TGF-β1 inhibits human trophoblast cell invasion by upregulating kisspeptin expression through ERK1/2 but not SMAD signaling pathway.

Background: Tightly regulation of extravillous cytotrophoblast (EVT) cell invasion is critical for the placentation and establishment of a successful pregnancy. Insufficient EVT cell invasion leads to the development of preeclampsia (PE) which is a leading cause of maternal and perinatal mortality and morbidity. Transforming growth factor-beta1 (TGF-β1) and kisspeptin are expressed in the human placenta and have been shown to inhibit EVT cell invasion. Kisspeptin is a downstream target of TGF-β1 in human breast cancer cells. However, whether kisspeptin is regulated by TGF-β1 and mediates TGF-β1-suppressed human EVT cell invasion remains unclear.
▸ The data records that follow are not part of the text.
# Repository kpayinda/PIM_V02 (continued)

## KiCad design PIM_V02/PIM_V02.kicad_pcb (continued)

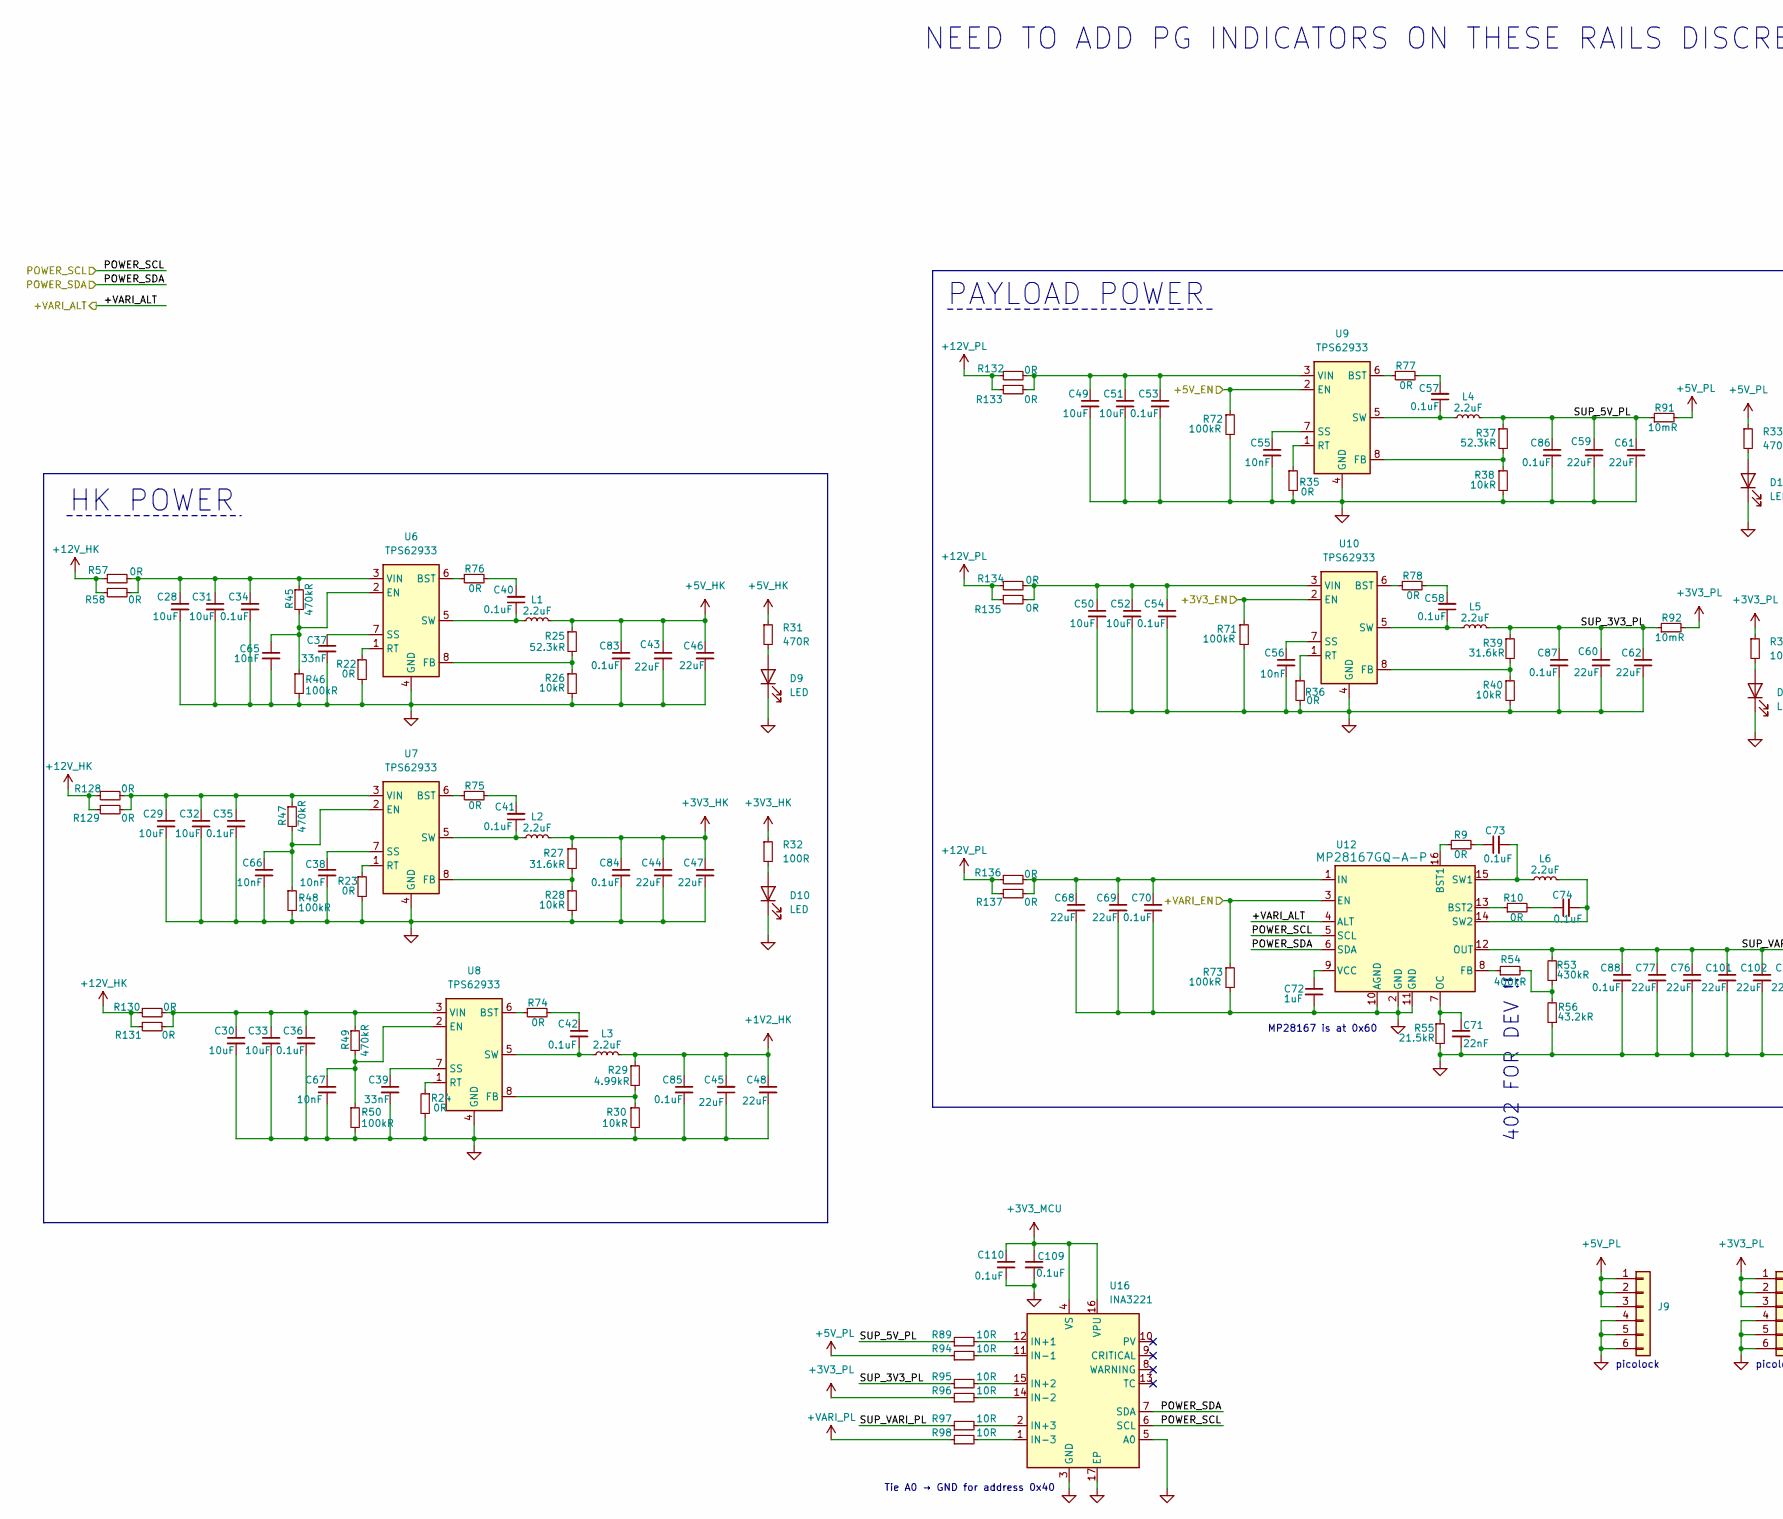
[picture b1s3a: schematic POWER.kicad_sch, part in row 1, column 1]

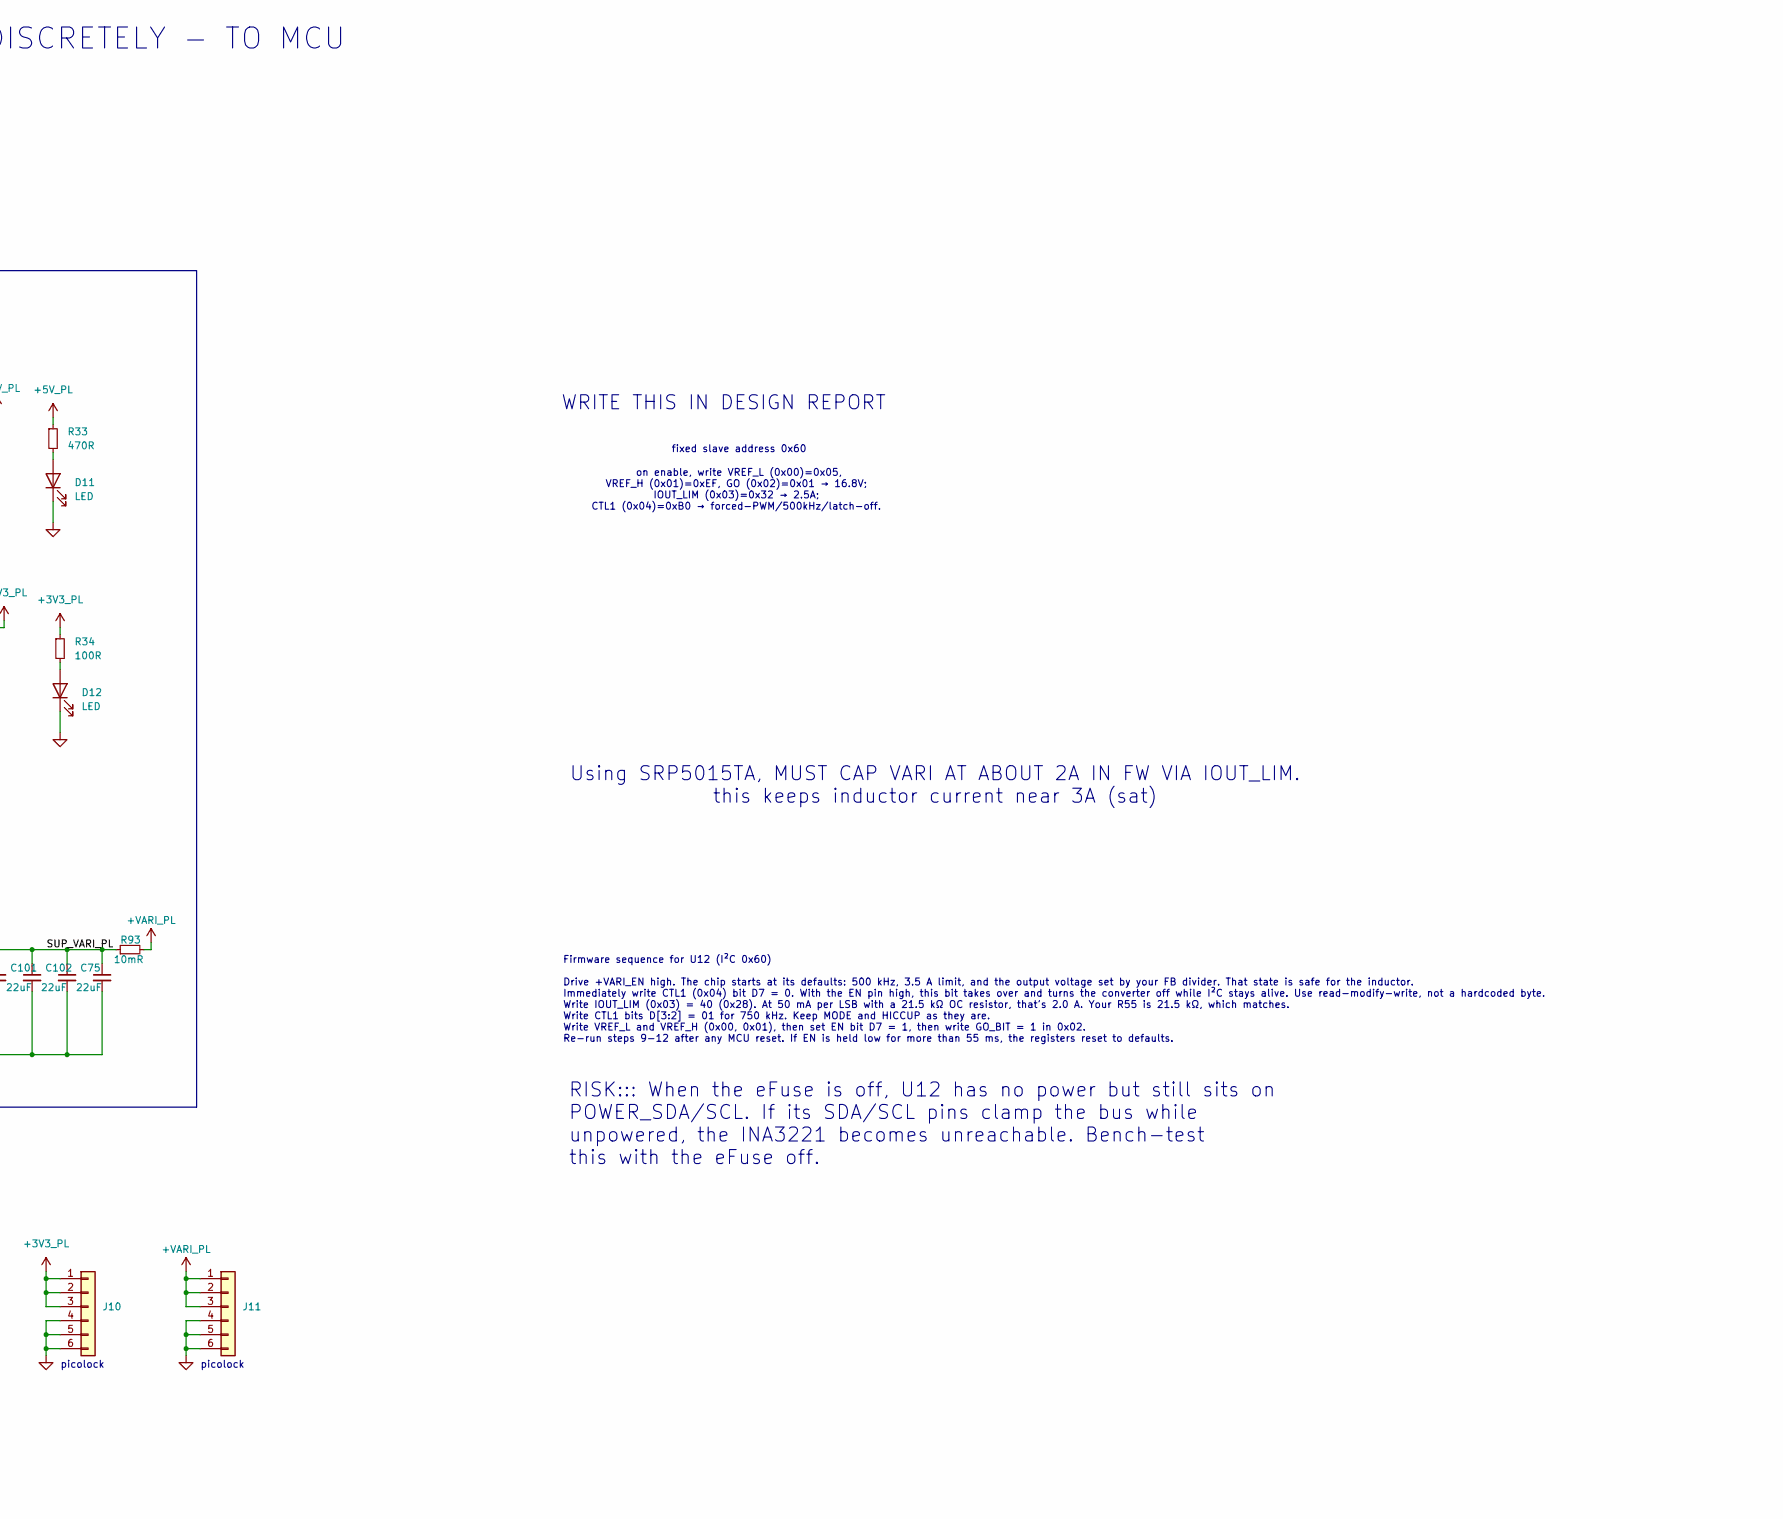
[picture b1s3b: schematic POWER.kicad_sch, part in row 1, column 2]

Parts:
C28, C29, C30, C31, C32, C33, C49, C50, C51, C52: 10uF; C_0603_1608Metric; MPN GRT188R61E106ME13D
C34, C35, C36, C40, C41, C42, C53, C54, C57, C58, C70, C73, C74, C83, C84, C85, C86, C87, C88, C109, C110: 0.1uF; C_0603_1608Metric; MPN GCM188R71H104KA57D
C37, C39: 33nF; C_0603_1608Metric; MPN AC0603KRX7R9BB333
C38, C55, C56, C65, C66, C67: 10nF; C_0603_1608Metric; MPN GCM188R71H103KA37J
C43, C44, C45, C46, C47, C48, C59, C60, C61, C62: 22uF; C_0603_1608Metric; MPN GRT188R61A226ME13D
C68, C69, C75, C76, C77, C101, C102: 22uF; C_0805_2012Metric; MPN GRM21BR61E226ME44L
C71: 22nF; C_0603_1608Metric; MPN GCM188R71H223KA37J
C72: 1uF; C_0603_1608Metric; MPN GCM188R71E105KA64J
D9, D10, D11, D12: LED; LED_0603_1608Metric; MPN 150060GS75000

Methods: The effect of TGF-β1 on kisspeptin expression and the underlying mechanisms were explored by a series of in vitro experiments in a human EVT cell line, HTR-8/SVneo, and primary cultures of human EVT cells. Serum levels of TGF-β1 and kisspeptin in patients with or without PE were measured by ELISA.

Results: TGF-β1 upregulates kisspeptin expression in HTR-8/SVneo cells and primary cultures of human EVT cells. Using pharmacological inhibitor and siRNA, we demonstrate that the stimulatory effect of TGF-β1 on kisspeptin expression is mediated via the ALK5 receptor. Treatment with TGF-β1 activates SMAD2/3 canonical pathways as well as ERK1/2 and PI3K/AKT non-canonical pathways. However, only inhibition of ERK1/2 activation attenuates the stimulatory effect of TGF-β1 on kisspeptin expression. In addition, siRNA-mediated knockdown of kisspeptin attenuated TGF-β1-suppressed EVT cell invasion. Moreover, we report that serum levels of TGF-β1 and kisspeptin are significantly upregulated in patients with PE.

Conclusions: By illustrating the potential physiological role of TGF-β1 in the regulation of kisspeptin expression, our results may serve to improve current strategies used to treat placental diseases.